Problem details: Please give every line below again exactly, but not its pictures.

++++

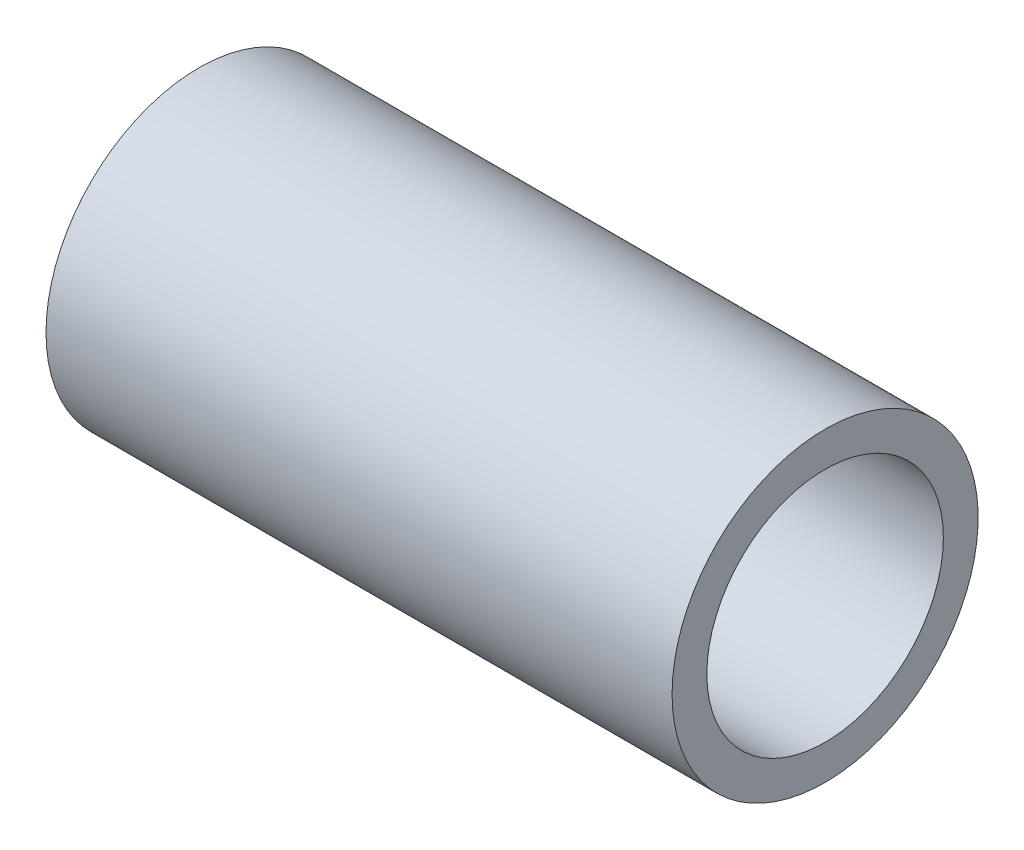
from build123d import *

# Parameters (mm, degrees)
SKETCH1_R           = 11
SKETCH1_R_2         = 8.5
BOSS_EXTRUDE1_DEPTH = 45


with BuildPart() as part:
    # Sketch1 → Boss-Extrude1 (new body)
    with BuildSketch(Plane(origin=(0, 0, 0), x_dir=(0, 0, -1), z_dir=(1, 0, 0))):
        with Locations(Location((0, 0, 0), (0, 0, 180))):
            Circle(SKETCH1_R)
        with Locations(Location((0, 0, 0), (0, 0, 180))):
            Circle(SKETCH1_R_2, mode=Mode.SUBTRACT)
    extrude(amount=BOSS_EXTRUDE1_DEPTH)


solid = part.part

++++

Your response:
from build123d import *

# Parameters (mm, degrees)
SKETCH1_R           = 11
SKETCH1_R_2         = 8.5
BOSS_EXTRUDE1_DEPTH = 45


with BuildPart() as part:
    # Sketch1 → Boss-Extrude1 (new body)
    with BuildSketch(Plane(origin=(0, 0, 0), x_dir=(0, 0, -1), z_dir=(1, 0, 0))):
        with Locations(Location((0, 0, 0), (0, 0, 180))):
            Circle(SKETCH1_R)
        with Locations(Location((0, 0, 0), (0, 0, 180))):
            Circle(SKETCH1_R_2, mode=Mode.SUBTRACT)
    extrude(amount=BOSS_EXTRUDE1_DEPTH)


solid = part.part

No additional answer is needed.